Spadek dochodowości UST utrzymał się do końca sesji
Poniedziałkowe umocnienie długu w Europie przełożyło się również na wyższe wyceny Treausries podczas wtorkowych notowań (amerykański rynek był w poniedziałek zamknięty). Spadki dochodowości po obu stronach Oceanu były sprowokowane przez komentarze członków FOMC, a szczególnie P. Jeffersona (centrysta, zawsze z prawem głosu). Zasugerował on na początku tygodnia, że ryzyko pomiędzy niewystarczającym zacieśnieniem polityki pieniężnej a zbyt restrykcyjną polityką pieniężną jest obecnie zbilansowane. Niedawno nominowany na wiceszefa Fed P. Jeffereson dodał, że jest „świadomy zaostrzenia warunków finansowych w wyniku wyższych rentowności obligacji i będzie o tym pamiętać przy ocenie przyszłej ścieżki polityki monetarnej”. Uważamy, że oba stwierdzenia nie są przypadkowe i mogą oznaczać nie tylko zmianę poglądów Jeffersona, ale również innych centrowych członków FOMC. Sądzimy także, że w kierunku pozostawienia stóp procentowych na niezmienionym poziomie będzie działać niepewność co do sytuacji na Bliskim Wschodzie.
Ostatecznie na głównych węzłach w porównaniu zeszłotygodniowego zamknięcia dochodowość UST obniżyła się o 12, 12 oraz 10 pb. do odpowiednio 4,96% (2Y), 4,66% (10Y) oraz 4,85% (30Y). W odniesieniu do wtorkowego otwarcia zmiany na amerykańskiej krzywej były ograniczone. W przypadku bunda rentowności marginalnie wzrosły. Na głównych węzłach zmiana wyniosła +4, +2 oraz +1 pb. do odpowiednio 3,08% (2Y), 2,79% (10Y) oraz 3,02% (30Y).

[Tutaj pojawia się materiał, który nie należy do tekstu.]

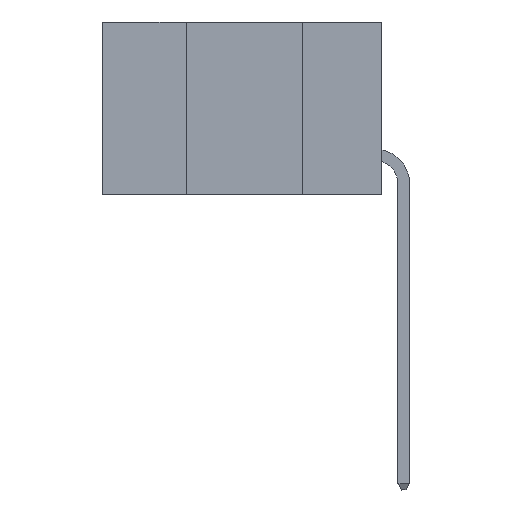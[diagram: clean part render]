
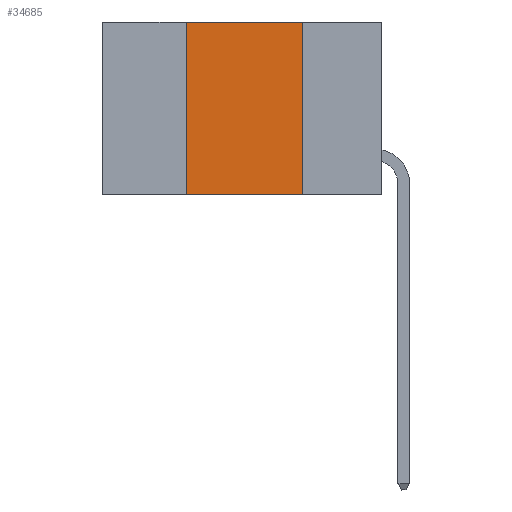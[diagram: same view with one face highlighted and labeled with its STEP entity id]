
A CAD part, left-side view. The second image highlights one B-rep face of the part: STEP entity #34685.
In plain terms, the highlighted planar face has unit normal (-1, 0, 0).
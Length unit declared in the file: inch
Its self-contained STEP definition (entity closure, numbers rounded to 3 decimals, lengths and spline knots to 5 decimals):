
#2814 = LINE ( 'NONE', #48396, #8243 ) ;
#5856 = CARTESIAN_POINT ( 'NONE',  ( 0., 0.42, 0. ) ) ;
#8243 = VECTOR ( 'NONE', #40068, 39.37008 ) ;
#9357 = VERTEX_POINT ( 'NONE', #14355 ) ;
#9658 = CARTESIAN_POINT ( 'NONE',  ( 0., 0.17, -0.37 ) ) ;
#11748 = EDGE_CURVE ( 'NONE', #12387, #31693, #43662, .T. ) ;
#12387 = VERTEX_POINT ( 'NONE', #41586 ) ;
#12681 = FACE_OUTER_BOUND ( 'NONE', #35477, .T. ) ;
#12813 = DIRECTION ( 'NONE',  ( 0., -1., 0. ) ) ;
#13072 = CARTESIAN_POINT ( 'NONE',  ( 0., 0.6, 0. ) ) ;
#13675 = DIRECTION ( 'NONE',  ( 0., 0., 1. ) ) ;
#14355 = CARTESIAN_POINT ( 'NONE',  ( 0., 0.42, -0.37 ) ) ;
#14912 = VERTEX_POINT ( 'NONE', #19405 ) ;
#16453 = ORIENTED_EDGE ( 'NONE', *, *, #29898, .F. ) ;
#19405 = CARTESIAN_POINT ( 'NONE',  ( 0., 0.42, 0. ) ) ;
#20478 = ORIENTED_EDGE ( 'NONE', *, *, #11748, .F. ) ;
#21053 = DIRECTION ( 'NONE',  ( 0., 0., -1. ) ) ;
#21212 = CARTESIAN_POINT ( 'NONE',  ( 0., 0.17, 0. ) ) ;
#25456 = AXIS2_PLACEMENT_3D ( 'NONE', #13072, #32238, #31915 ) ;
#28173 = ORIENTED_EDGE ( 'NONE', *, *, #31649, .T. ) ;
#28285 = EDGE_CURVE ( 'NONE', #14912, #12387, #31096, .T. ) ;
#29898 = EDGE_CURVE ( 'NONE', #9357, #14912, #30341, .T. ) ;
#30341 = LINE ( 'NONE', #5856, #41932 ) ;
#31096 = LINE ( 'NONE', #39671, #32929 ) ;
#31649 = EDGE_CURVE ( 'NONE', #9357, #31693, #2814, .T. ) ;
#31693 = VERTEX_POINT ( 'NONE', #9658 ) ;
#31915 = DIRECTION ( 'NONE',  ( 0., 0., -1. ) ) ;
#32238 = DIRECTION ( 'NONE',  ( 1., 0., 0. ) ) ;
#32929 = VECTOR ( 'NONE', #12813, 39.37008 ) ;
#34685 = ADVANCED_FACE ( 'NONE', ( #12681 ), #46897, .F. ) ;
#35477 = EDGE_LOOP ( 'NONE', ( #20478, #38980, #16453, #28173 ) ) ;
#38980 = ORIENTED_EDGE ( 'NONE', *, *, #28285, .F. ) ;
#39671 = CARTESIAN_POINT ( 'NONE',  ( 0., 0.6, 0. ) ) ;
#40068 = DIRECTION ( 'NONE',  ( 0., -1., 0. ) ) ;
#41279 = VECTOR ( 'NONE', #21053, 39.37008 ) ;
#41586 = CARTESIAN_POINT ( 'NONE',  ( 0., 0.17, 0. ) ) ;
#41932 = VECTOR ( 'NONE', #13675, 39.37008 ) ;
#43662 = LINE ( 'NONE', #21212, #41279 ) ;
#46897 = PLANE ( 'NONE',  #25456 ) ;
#48396 = CARTESIAN_POINT ( 'NONE',  ( 0., 0.6, -0.37 ) ) ;

Spodziewamy się, że na rynek będą napływać kolejne względnie gołębie komentarze ze strony członków FOMC sugerujące brak konieczności podwyżek stóp procentowych. Powinno to również zmniejszać ryzyko wzrostu dochodowości UST, a przy mniejszej od oczekiwań presji inflacyjnej w USA (na jutro zaplanowany jest odczyt CPI zza Oceanu) pozwolić kontynuować umocnienie amerykańskiego długu.